Aim of the exercise :: Would you please output, word for word, the span of the listing below that opens on the line containing "## Via types" and closes on the line containing "v3: diameter 24, hole"? Include both ends and nothing more.

Task inputs ::
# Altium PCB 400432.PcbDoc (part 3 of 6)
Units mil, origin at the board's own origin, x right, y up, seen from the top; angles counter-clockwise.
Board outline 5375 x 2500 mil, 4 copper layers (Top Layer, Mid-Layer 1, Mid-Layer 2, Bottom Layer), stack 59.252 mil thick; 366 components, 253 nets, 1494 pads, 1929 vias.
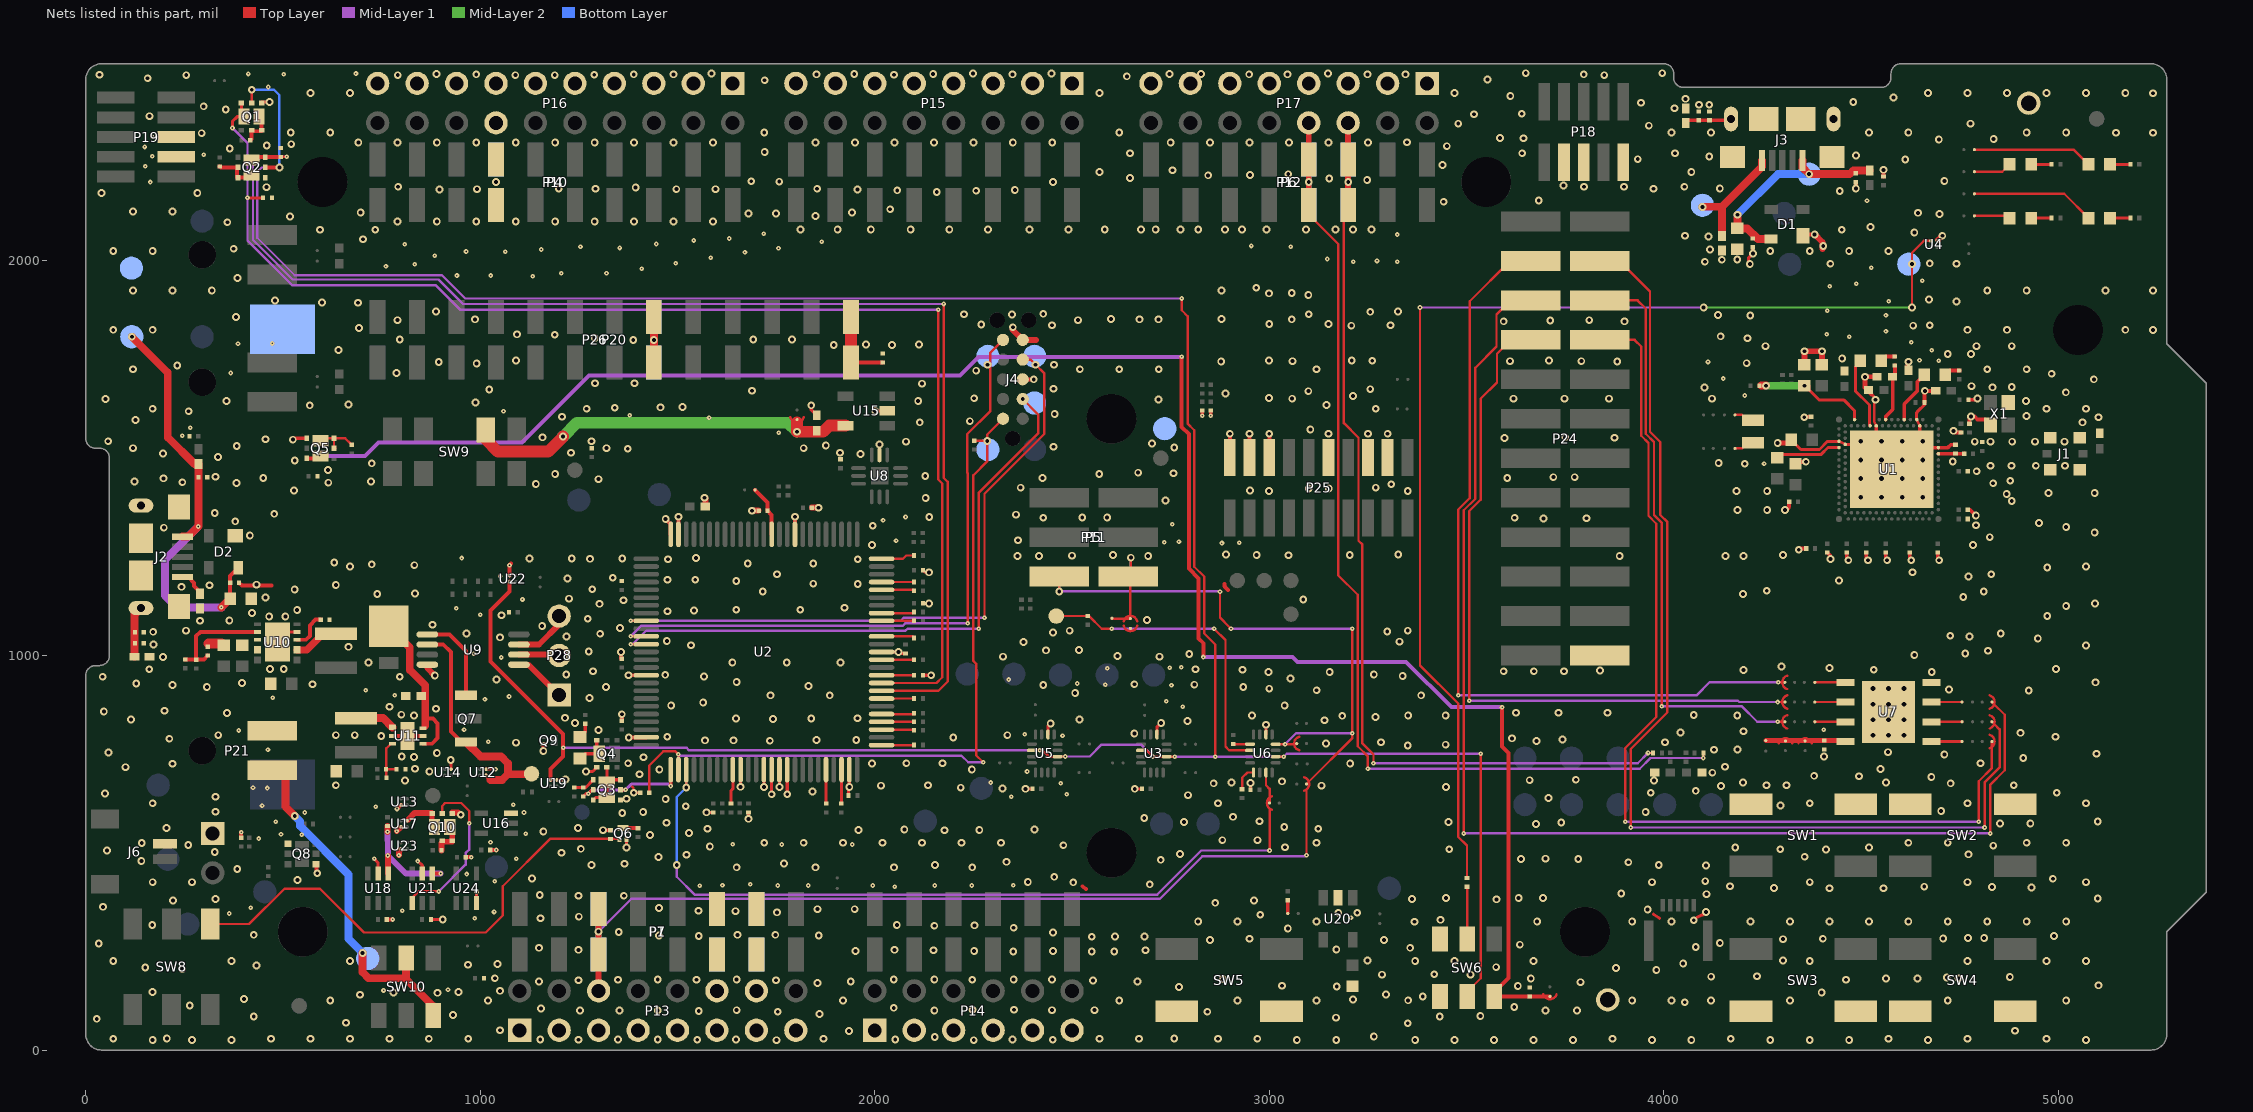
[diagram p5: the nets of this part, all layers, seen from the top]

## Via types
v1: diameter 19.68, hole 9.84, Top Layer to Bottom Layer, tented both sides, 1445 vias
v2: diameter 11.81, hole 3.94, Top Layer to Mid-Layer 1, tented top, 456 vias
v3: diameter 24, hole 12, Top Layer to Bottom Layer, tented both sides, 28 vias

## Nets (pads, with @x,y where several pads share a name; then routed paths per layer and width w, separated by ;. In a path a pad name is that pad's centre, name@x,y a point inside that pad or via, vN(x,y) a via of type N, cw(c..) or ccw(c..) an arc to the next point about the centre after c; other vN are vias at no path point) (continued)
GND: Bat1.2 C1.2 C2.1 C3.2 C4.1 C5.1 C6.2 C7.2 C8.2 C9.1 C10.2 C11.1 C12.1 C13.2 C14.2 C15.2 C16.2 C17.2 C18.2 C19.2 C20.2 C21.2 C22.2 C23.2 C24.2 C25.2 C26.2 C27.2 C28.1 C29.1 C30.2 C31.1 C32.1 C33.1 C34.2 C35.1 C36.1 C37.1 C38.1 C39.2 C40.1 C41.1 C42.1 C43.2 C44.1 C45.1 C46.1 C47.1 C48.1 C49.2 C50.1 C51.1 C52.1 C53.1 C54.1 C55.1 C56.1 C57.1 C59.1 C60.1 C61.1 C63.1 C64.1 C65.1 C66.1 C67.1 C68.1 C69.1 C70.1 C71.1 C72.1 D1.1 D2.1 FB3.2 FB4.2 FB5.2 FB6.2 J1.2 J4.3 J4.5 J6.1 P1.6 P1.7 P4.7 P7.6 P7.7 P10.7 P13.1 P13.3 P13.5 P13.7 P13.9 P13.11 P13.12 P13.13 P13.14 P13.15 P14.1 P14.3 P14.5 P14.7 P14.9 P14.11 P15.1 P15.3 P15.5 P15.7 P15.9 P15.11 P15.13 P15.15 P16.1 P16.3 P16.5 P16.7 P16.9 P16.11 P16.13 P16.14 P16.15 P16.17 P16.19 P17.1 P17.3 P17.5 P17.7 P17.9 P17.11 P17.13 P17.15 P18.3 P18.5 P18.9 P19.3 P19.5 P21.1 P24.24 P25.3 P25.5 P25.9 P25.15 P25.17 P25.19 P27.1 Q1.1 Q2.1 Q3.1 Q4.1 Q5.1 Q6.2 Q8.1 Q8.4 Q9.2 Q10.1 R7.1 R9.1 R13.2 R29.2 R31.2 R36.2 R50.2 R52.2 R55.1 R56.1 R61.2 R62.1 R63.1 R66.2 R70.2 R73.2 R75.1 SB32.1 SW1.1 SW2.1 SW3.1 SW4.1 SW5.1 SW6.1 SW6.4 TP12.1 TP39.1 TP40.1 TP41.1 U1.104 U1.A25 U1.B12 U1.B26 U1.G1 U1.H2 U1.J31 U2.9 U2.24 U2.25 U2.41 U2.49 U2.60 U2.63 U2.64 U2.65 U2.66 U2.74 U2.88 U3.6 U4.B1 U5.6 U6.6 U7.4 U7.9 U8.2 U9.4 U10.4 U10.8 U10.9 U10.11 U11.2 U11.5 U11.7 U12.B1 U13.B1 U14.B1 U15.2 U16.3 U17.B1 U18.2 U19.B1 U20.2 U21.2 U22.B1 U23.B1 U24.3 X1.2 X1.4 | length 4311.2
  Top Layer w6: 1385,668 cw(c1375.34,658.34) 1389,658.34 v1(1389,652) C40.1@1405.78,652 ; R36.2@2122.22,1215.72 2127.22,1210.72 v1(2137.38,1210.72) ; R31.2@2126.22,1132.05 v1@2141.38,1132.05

Written answer ::
## Via types
v1: diameter 19.68, hole 9.84, Top Layer to Bottom Layer, tented both sides, 1445 vias
v2: diameter 11.81, hole 3.94, Top Layer to Mid-Layer 1, tented top, 456 vias
v3: diameter 24, hole 12, Top Layer to Bottom Layer, tented both sides, 28 vias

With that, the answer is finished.